Transaction Logging and Recovery
NTFS considers an I/O operation to be a transaction, in the sense that it is an integral operation. Once a disk operation is started, all of its subcomponents must be completed. If the operation fails, there must be a way to rollback the I/O request to a previously known state.
To insure that an I/O operation can be completed or rolled back, NTFS uses the Log File Service to log all redo and undo information for the transaction. Redo is the information that NTFS uses to repeat the transaction, and undo enables NTFS to roll back the transaction that was incomplete or that had an error.
If a transaction completes successfully, the file update is committed. If the transaction is incomplete, NTFS ends or rolls back the transaction by following instructions in the undo information. If NTFS detects an error in the transaction, the transaction is also rolled back.
File system recovery is straightforward with NTFS. If the system crashes, NTFS performs three passes — an analysis pass, a redo pass, and an undo pass. During the analysis pass, NTFS determines exactly which clusters must now be updated, based on the information in the log file. The redo pass performs all transaction steps logged from the last checkpoint. The undo pass backs out any incomplete (uncommitted) transactions.
Effects of File and Disk Cache on Recoverability
The file cache is just an area of RAM that contains the data. When you write data to disk, Windows NT's lazy-write technique says that the data are written, when, in fact, they are still in RAM.
There can also be cache memory on the disk controller or on the disk itself. If you are running MS-DOS or Windows 3.1x, using the disk or controller caches can really help performance. The lazy-write technique in Windows NT improves performance to the point where you might not see much more improvement by using the cache on the disk or the controller.
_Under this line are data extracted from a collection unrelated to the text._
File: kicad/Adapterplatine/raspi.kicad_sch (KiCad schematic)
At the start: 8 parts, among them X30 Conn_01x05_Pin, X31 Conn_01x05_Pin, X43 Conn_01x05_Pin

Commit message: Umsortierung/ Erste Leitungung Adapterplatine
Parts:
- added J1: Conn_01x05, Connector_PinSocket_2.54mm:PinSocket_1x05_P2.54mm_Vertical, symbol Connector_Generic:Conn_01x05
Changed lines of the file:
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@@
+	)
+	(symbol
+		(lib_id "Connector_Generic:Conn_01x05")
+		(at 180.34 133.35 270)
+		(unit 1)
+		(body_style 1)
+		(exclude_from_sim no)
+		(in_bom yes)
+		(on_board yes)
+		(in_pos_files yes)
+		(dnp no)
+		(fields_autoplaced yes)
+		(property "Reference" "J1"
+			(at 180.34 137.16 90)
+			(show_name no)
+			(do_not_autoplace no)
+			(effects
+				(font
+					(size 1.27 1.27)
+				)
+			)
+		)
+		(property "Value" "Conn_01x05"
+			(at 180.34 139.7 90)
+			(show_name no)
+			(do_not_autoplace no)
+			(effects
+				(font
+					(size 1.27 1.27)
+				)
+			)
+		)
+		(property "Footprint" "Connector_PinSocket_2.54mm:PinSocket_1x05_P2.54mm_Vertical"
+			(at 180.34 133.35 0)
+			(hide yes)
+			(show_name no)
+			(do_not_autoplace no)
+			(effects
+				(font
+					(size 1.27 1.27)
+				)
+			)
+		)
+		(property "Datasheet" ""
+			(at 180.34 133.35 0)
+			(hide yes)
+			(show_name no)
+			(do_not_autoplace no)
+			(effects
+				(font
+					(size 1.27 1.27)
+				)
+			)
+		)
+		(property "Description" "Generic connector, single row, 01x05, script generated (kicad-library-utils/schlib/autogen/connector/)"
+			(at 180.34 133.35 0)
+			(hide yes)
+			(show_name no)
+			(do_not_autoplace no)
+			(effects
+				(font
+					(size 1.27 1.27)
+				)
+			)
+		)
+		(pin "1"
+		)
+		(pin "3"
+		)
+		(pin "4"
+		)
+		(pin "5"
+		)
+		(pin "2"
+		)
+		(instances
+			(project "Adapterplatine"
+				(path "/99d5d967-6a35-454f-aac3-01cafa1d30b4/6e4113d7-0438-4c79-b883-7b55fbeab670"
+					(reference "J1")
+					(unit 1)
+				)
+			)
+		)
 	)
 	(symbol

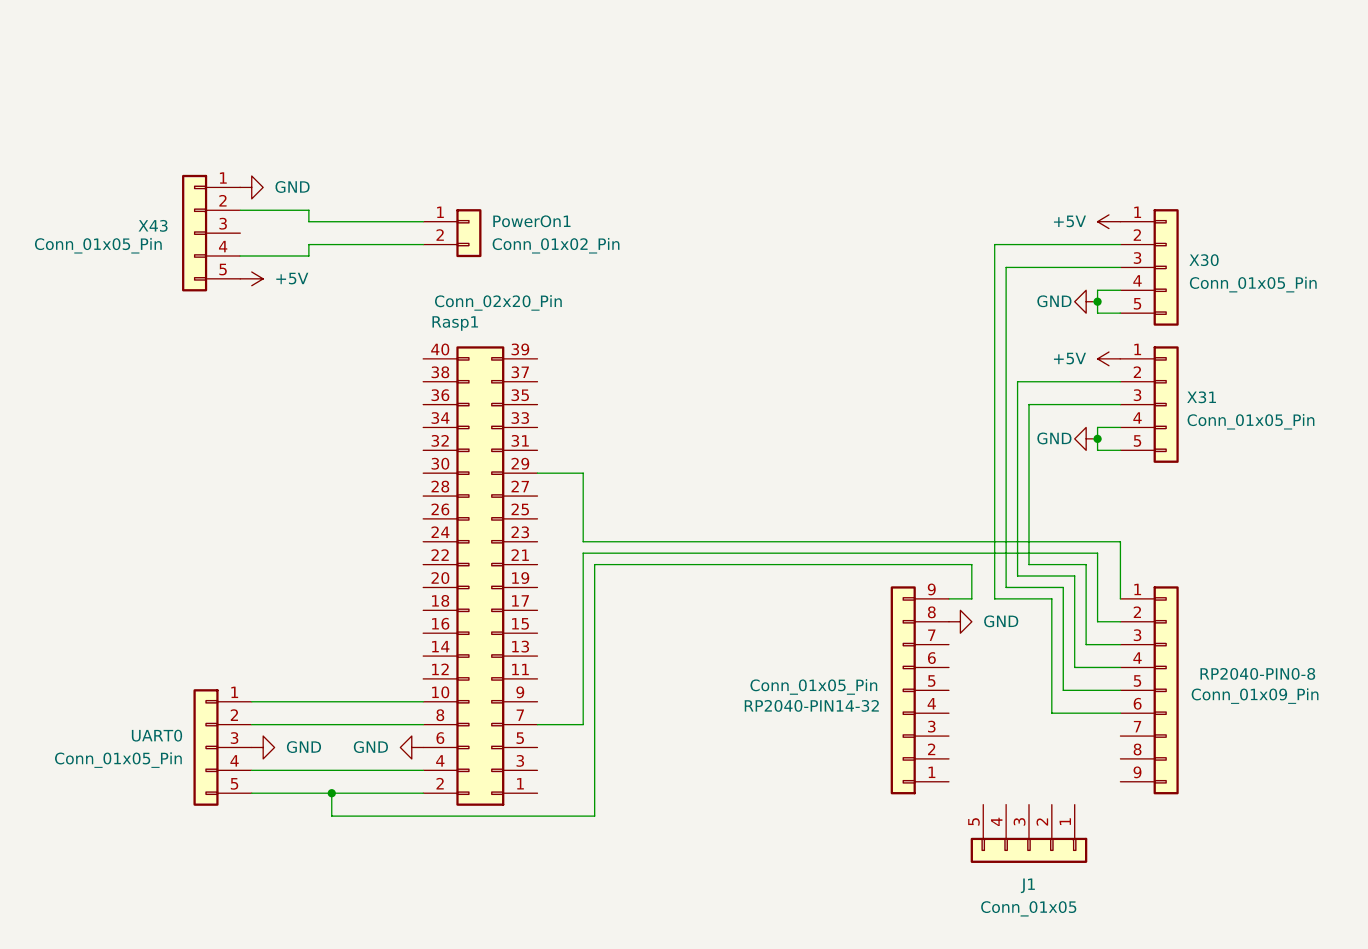
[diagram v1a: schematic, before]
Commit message: Leitungsverlegung Adapterplatine abgeschlossen
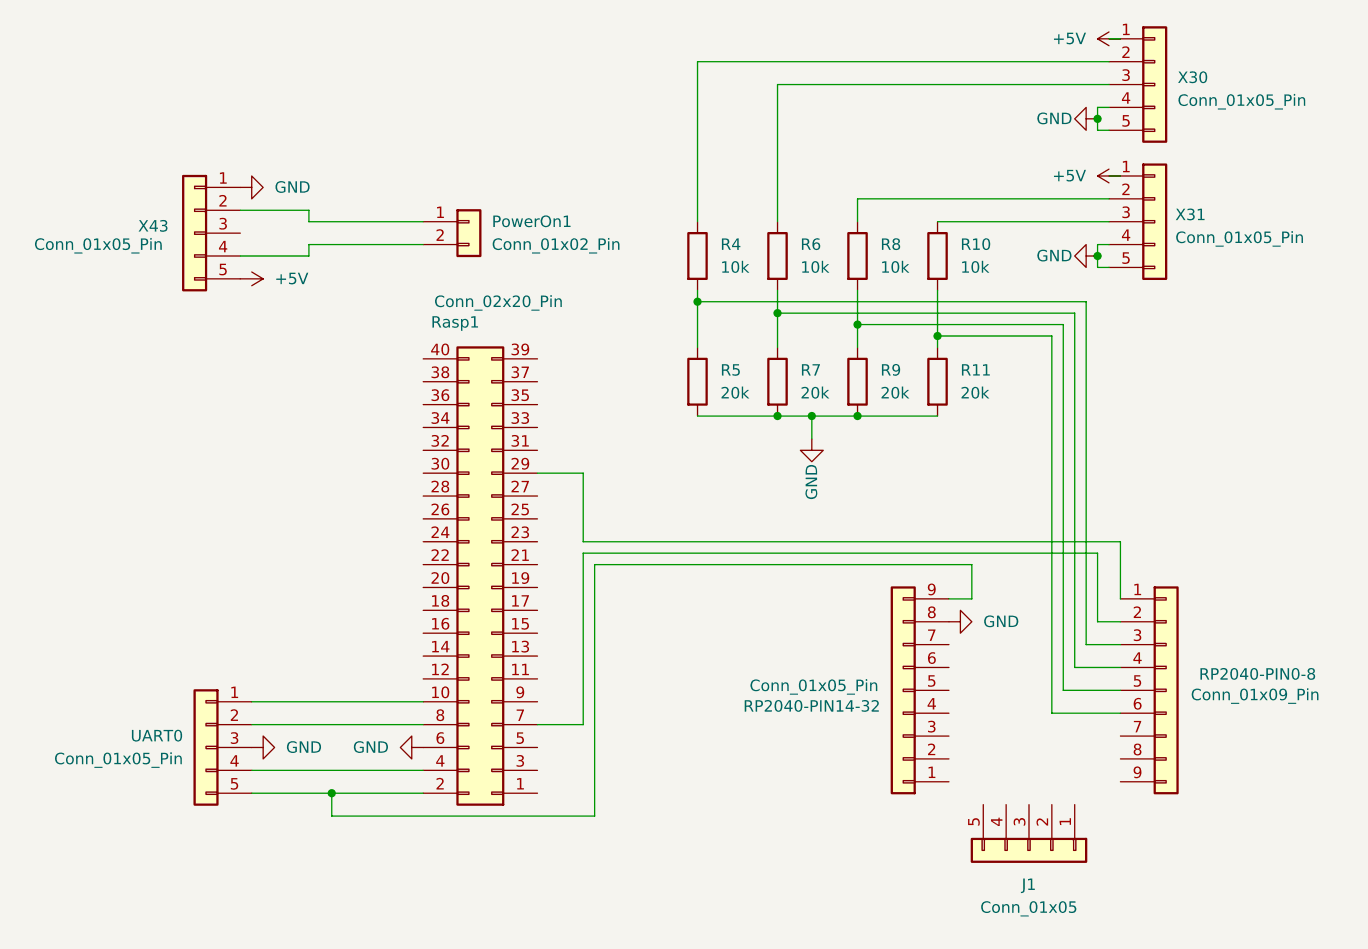
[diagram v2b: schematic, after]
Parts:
- added R10, R4, R6, R8: 10k, Resistor_THT:R_Axial_DIN0207_L6.3mm_D2.5mm_P10.16mm_Horizontal, symbol Device:R
- added R11, R5, R7, R9: 20k, Resistor_THT:R_Axial_DIN0207_L6.3mm_D2.5mm_P10.16mm_Horizontal, symbol Device:R
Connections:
- net GND: now also R11.2, R5.2, R7.2, R9.2
- net at RP2040-PIN0-8.6 (Pin_6): now also R10.2, R11.1; no longer X30.2 (Pin_2)
- net at X30.3 (Pin_3): now also R6.1; no longer RP2040-PIN0-8.5 (Pin_5)
- net at X31.2 (Pin_2): now also R8.1; no longer RP2040-PIN0-8.4 (Pin_4)
- net at X31.3 (Pin_3): now also R10.1; no longer RP2040-PIN0-8.3 (Pin_3)
- new net: R4.1, X30.2 (Pin_2)
- new net: R4.2, R5.1, RP2040-PIN0-8.3 (Pin_3)
- new net: R6.2, R7.1, RP2040-PIN0-8.4 (Pin_4)
- new net: R8.2, R9.1, RP2040-PIN0-8.5 (Pin_5)
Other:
- moved on the sheet: X30, X31

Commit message: Bessere Verlegungen Adapterplatine
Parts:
- RP2040-PIN14-32: value Conn_01x05_Pin -> Conn_01x09_Pin
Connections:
- net at RP2040-PIN14-32.9 (Pin_9), Rasp1.2 (Pin_2): no longer UART0.5 (Pin_5)
- net at Rasp1.4 (Pin_4): no longer UART0.4 (Pin_4)
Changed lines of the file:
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@@
 		(color 0 0 0 0)
 	)
-	(junction
-		(at 102.87 127)
-		(diameter 0)
-		(color 0 0 0 0)
-	)
 	(wire
 		(pts
@@
 	(wire
 		(pts
-			(xy 102.87 127) (xy 102.87 129.54)
+			(xy 107.95 127) (xy 107.95 129.54)
 		)
 		(stroke
@@
 	(wire
 		(pts
+			(xy 107.95 127) (xy 113.03 127)
+		)
+		(stroke
+			(width 0)
+			(type default)
+		)
+	)
+	(wire
+		(pts
 			(xy 186.69 72.39) (xy 186.69 110.49)
 		)
@@
 	(wire
 		(pts
-			(xy 93.98 127) (xy 102.87 127)
-		)
-		(stroke
-			(width 0)
-			(type default)
-		)
-	)
-	(wire
-		(pts
 			(xy 182.88 76.2) (xy 170.18 76.2)
 		)
@@
 	(wire
 		(pts
-			(xy 93.98 124.46) (xy 113.03 124.46)
-		)
-		(stroke
-			(width 0)
-			(type default)
-		)
-	)
-	(wire
-		(pts
 			(xy 152.4 71.12) (xy 152.4 73.66)
 		)
@@
 	(wire
 		(pts
-			(xy 102.87 129.54) (xy 132.08 129.54)
+			(xy 107.95 129.54) (xy 132.08 129.54)
 		)
 		(stroke
@@
 		(pts
 			(xy 161.29 71.12) (xy 161.29 74.93)
-		)
-		(stroke
-			(width 0)
-			(type default)
-		)
-	)
-	(wire
-		(pts
-			(xy 102.87 127) (xy 113.03 127)
 		)
 		(stroke
@@
 			)
 		)
-		(property "Value" "Conn_01x05_Pin"
+		(property "Value" "Conn_01x09_Pin"
 			(at 156.464 115.062 0)
 			(show_name no)

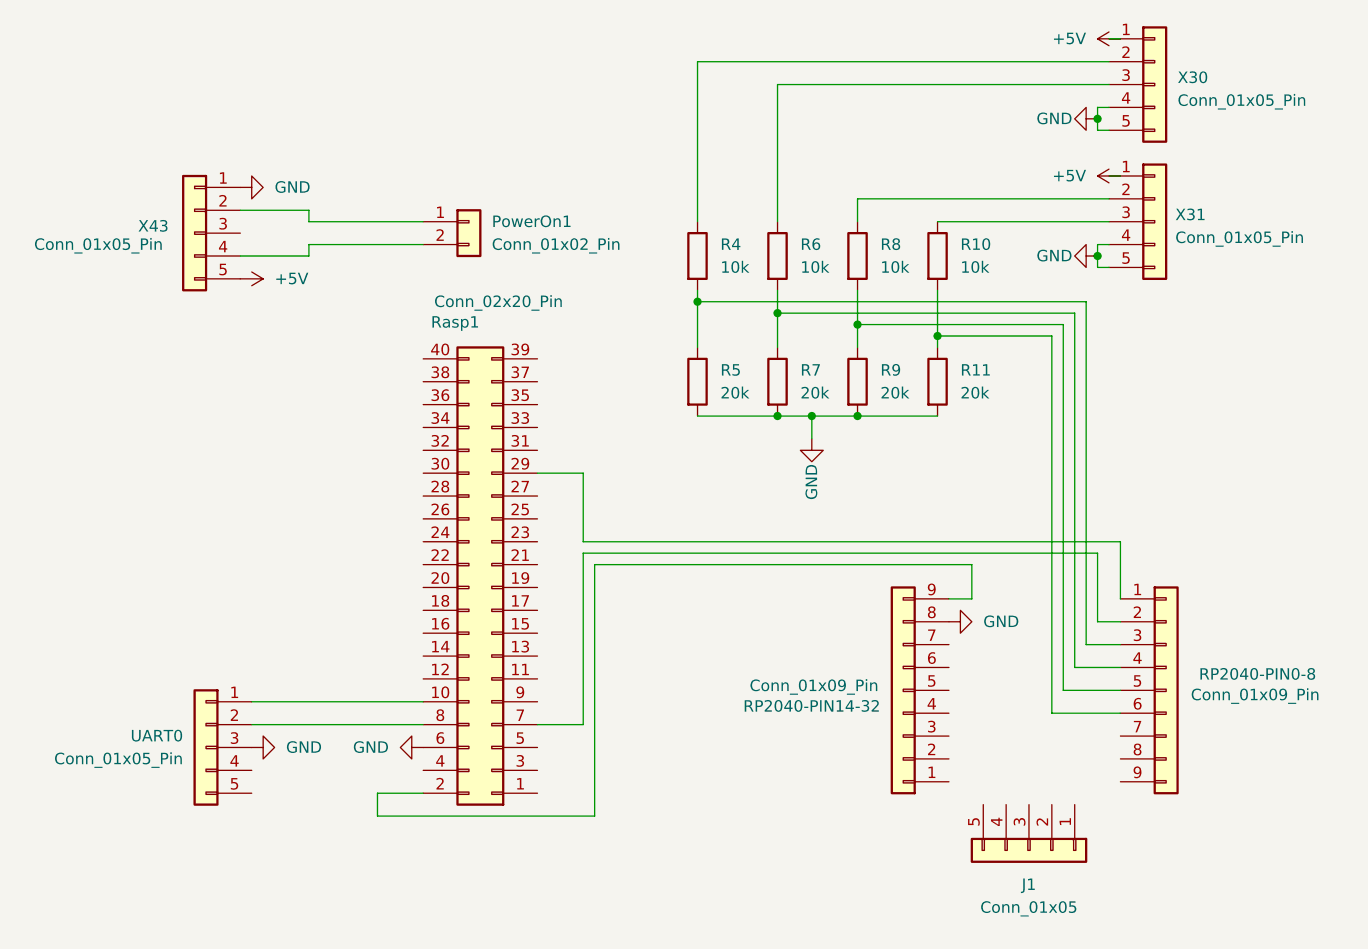
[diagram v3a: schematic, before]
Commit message: Abschlussbericht angefangen/ Adapterplatine ECR DCR
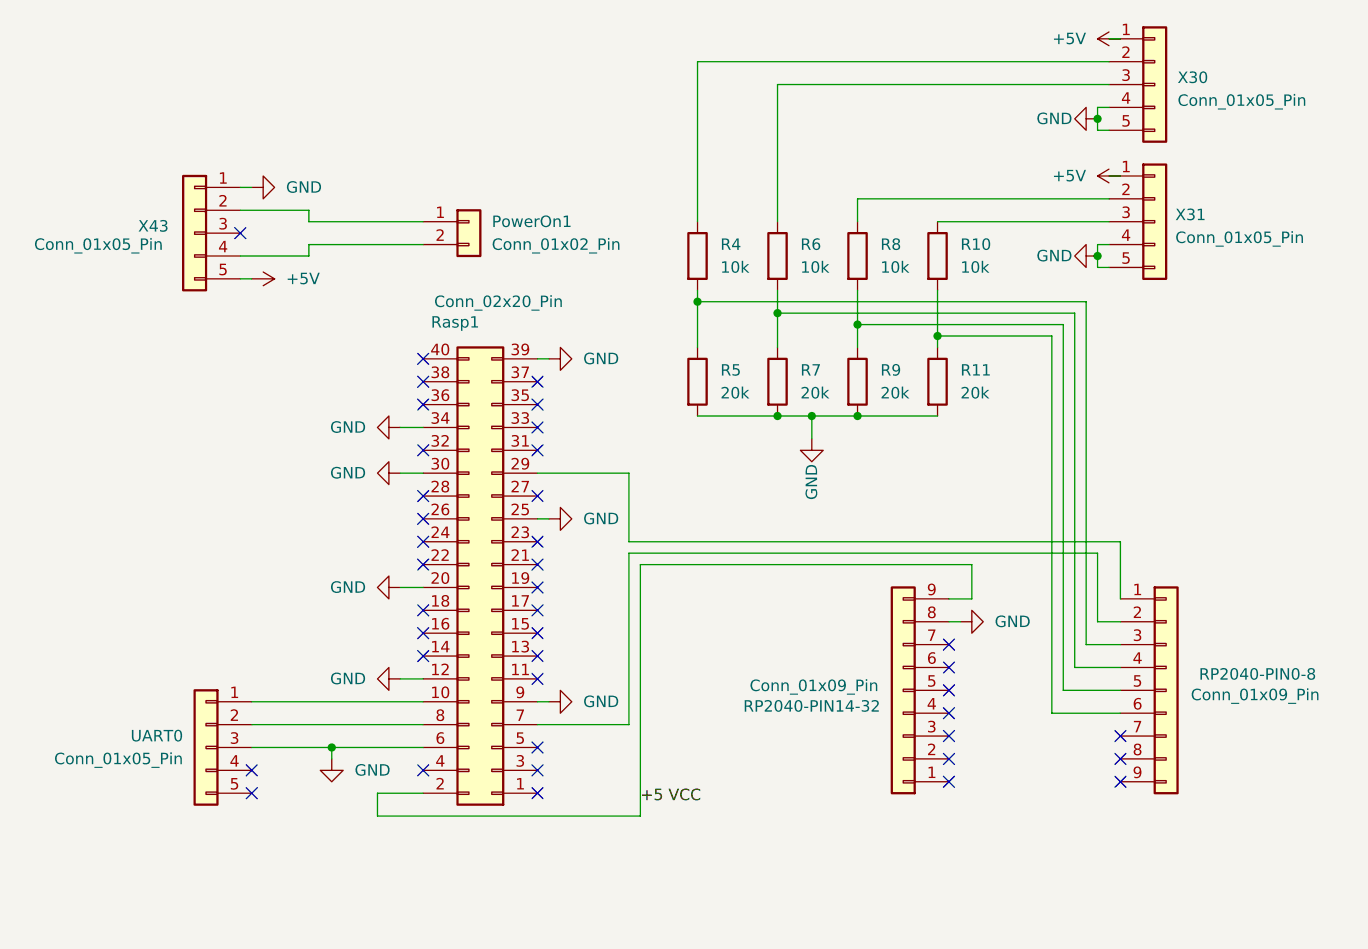
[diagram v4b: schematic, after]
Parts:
- removed J1: Conn_01x05, Connector_PinSocket_2.54mm:PinSocket_1x05_P2.54mm_Vertical, symbol Connector_Generic:Conn_01x05
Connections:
- net GND: now also Rasp1.12 (Pin_12), Rasp1.20 (Pin_20), Rasp1.25 (Pin_25), Rasp1.30 (Pin_30), Rasp1.34 (Pin_34), Rasp1.39 (Pin_39), Rasp1.9 (Pin_9)
- net +5 VCC: now reaches RP2040-PIN14-32.9 (Pin_9), Rasp1.2 (Pin_2)
- no-connect marks 0 -> 40

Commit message: Adapterplatine Gerber
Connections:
- net +5 VCC: now also Rasp1.1 (Pin_1); no longer Rasp1.2 (Pin_2)
- net GND: now also Rasp1.10 (Pin_10), Rasp1.11 (Pin_11), Rasp1.19 (Pin_19), Rasp1.26 (Pin_26), Rasp1.29 (Pin_29), Rasp1.33 (Pin_33), Rasp1.40 (Pin_40), Rasp1.5 (Pin_5); no longer Rasp1.12 (Pin_12), Rasp1.20 (Pin_20), Rasp1.25 (Pin_25), Rasp1.30 (Pin_30), Rasp1.34 (Pin_34), Rasp1.39 (Pin_39), Rasp1.6 (Pin_6), Rasp1.9 (Pin_9)
- net at UART0.1 (Pin_1): now also Rasp1.9 (Pin_9); no longer Rasp1.10 (Pin_10)
- net at RP2040-PIN0-8.1 (Pin_1): now also Rasp1.30 (Pin_30); no longer Rasp1.29 (Pin_29)
- net at Rasp1.7 (Pin_7): now also UART0.2 (Pin_2); no longer RP2040-PIN0-8.2 (Pin_2)
- net at Rasp1.8 (Pin_8): now also RP2040-PIN0-8.2 (Pin_2); no longer UART0.2 (Pin_2)
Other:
- moved on the sheet: Rasp1
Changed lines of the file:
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@@
+	(wire
+		(pts
+			(xy 125.73 91.44) (xy 135.89 91.44)
+		)
+		(stroke
+			(width 0)
+			(type default)
+		)
+	)
 	(wire
 		(pts
@@
 		(pts
 			(xy 93.98 69.85) (xy 92.71 69.85)
-		)
-		(stroke
-			(width 0)
-			(type default)
-		)
-	)
-	(wire
-		(pts
-			(xy 125.73 91.44) (xy 135.89 91.44)
 		)
 		(stroke
@@
 	(symbol
 		(lib_id "Connector_Generic:Conn_02x20_Odd_Even")
-		(at 120.65 104.14 180)
+		(at 118.11 104.14 0)
+		(mirror x)
 		(unit 1)
 		(body_style 1)
@@
 		(dnp no)
 		(property "Reference" "Rasp1"
-			(at 116.586 74.676 0)
+			(at 119.634 74.93 0)
 			(show_name no)
 			(do_not_autoplace no)
@@
 		)
 		(property "Value" "Conn_02x20_Pin"
-			(at 121.412 72.39 0)
+			(at 117.348 72.39 0)
 			(show_name no)
 			(do_not_autoplace no)
@@
 		)
 		(property "Footprint" "Connector_PinHeader_2.54mm:PinHeader_2x20_P2.54mm_Vertical"
-			(at 120.65 104.14 0)
+			(at 118.11 104.14 0)
 			(hide yes)
 			(show_name no)
@@
 		)
 		(property "Datasheet" ""
-			(at 120.65 104.14 0)
+			(at 118.11 104.14 0)
 			(hide yes)
 			(show_name no)
@@
 		)
 		(property "Description" "Generic connector, double row, 02x20, odd/even pin numbering scheme (row 1 odd numbers, row 2 even numbers), script generated (kicad-library-utils/schlib/autogen/connector/)"
-			(at 120.65 104.14 0)
+			(at 118.11 104.14 0)
 			(hide yes)
 			(show_name no)
@@
 		)
 		(property "Hersteller" ""
-			(at 120.65 104.14 0)
+			(at 118.11 104.14 0)
 			(hide yes)
 			(show_name no)
@@
 		)
 		(property "Herstellerbezeichnung" ""
-			(at 120.65 104.14 0)
+			(at 118.11 104.14 0)
 			(hide yes)
 			(show_name no)
@@
 		)
 		(property "Alternative" ""
-			(at 120.65 104.14 0)
-			(hide yes)
-			(show_name no)
+			(at 118.11 104.14 0)
+			(hide yes)
+			(show_name no)

This information should help you decide whether you want to enable the disk or controller cache:
If disk performance is an issue, and specifically if the disk is being heavily written, turning on write caching is an option for improving performance, especially if it can be measured to improve the performance of the system.
Controlling the write-back cache is a firmware function provided by the disk manufacturer. See the documentation supplied with the disk. You cannot configure the write cache from Windows NT.
Write caching does not impact the reliability of the file system's own structures (metadata). NTFS instructs the disk device driver to insure that metadata writes get written through regardless of whether write caching is enabled or not. Non-metadata is written to the disk normally, so caching can occur for such data.
Read caching in the disk has no impact on file system reliability.
With transaction logging and recovery, NTFS guarantees that the volume structure will not be corrupted, so all files remain accessible after a system crash. However, user data can be lost because of a system crash or a bad sector.
The NTFS file system implements a recovery technique called cluster remapping. When Windows NT returns a bad sector error to the NTFS file system, NTFS dynamically replaces the cluster containing the bad sector and allocates a new cluster for the data. If the error occurred during a read, NTFS returns a read error to the calling program, and the data are lost. When the error occurs during a write, NTFS writes the data to the new cluster, and no data are lost.
NTFS puts the address of the cluster containing the bad sector in its Bad Cluster File so the bad sector will not be reused.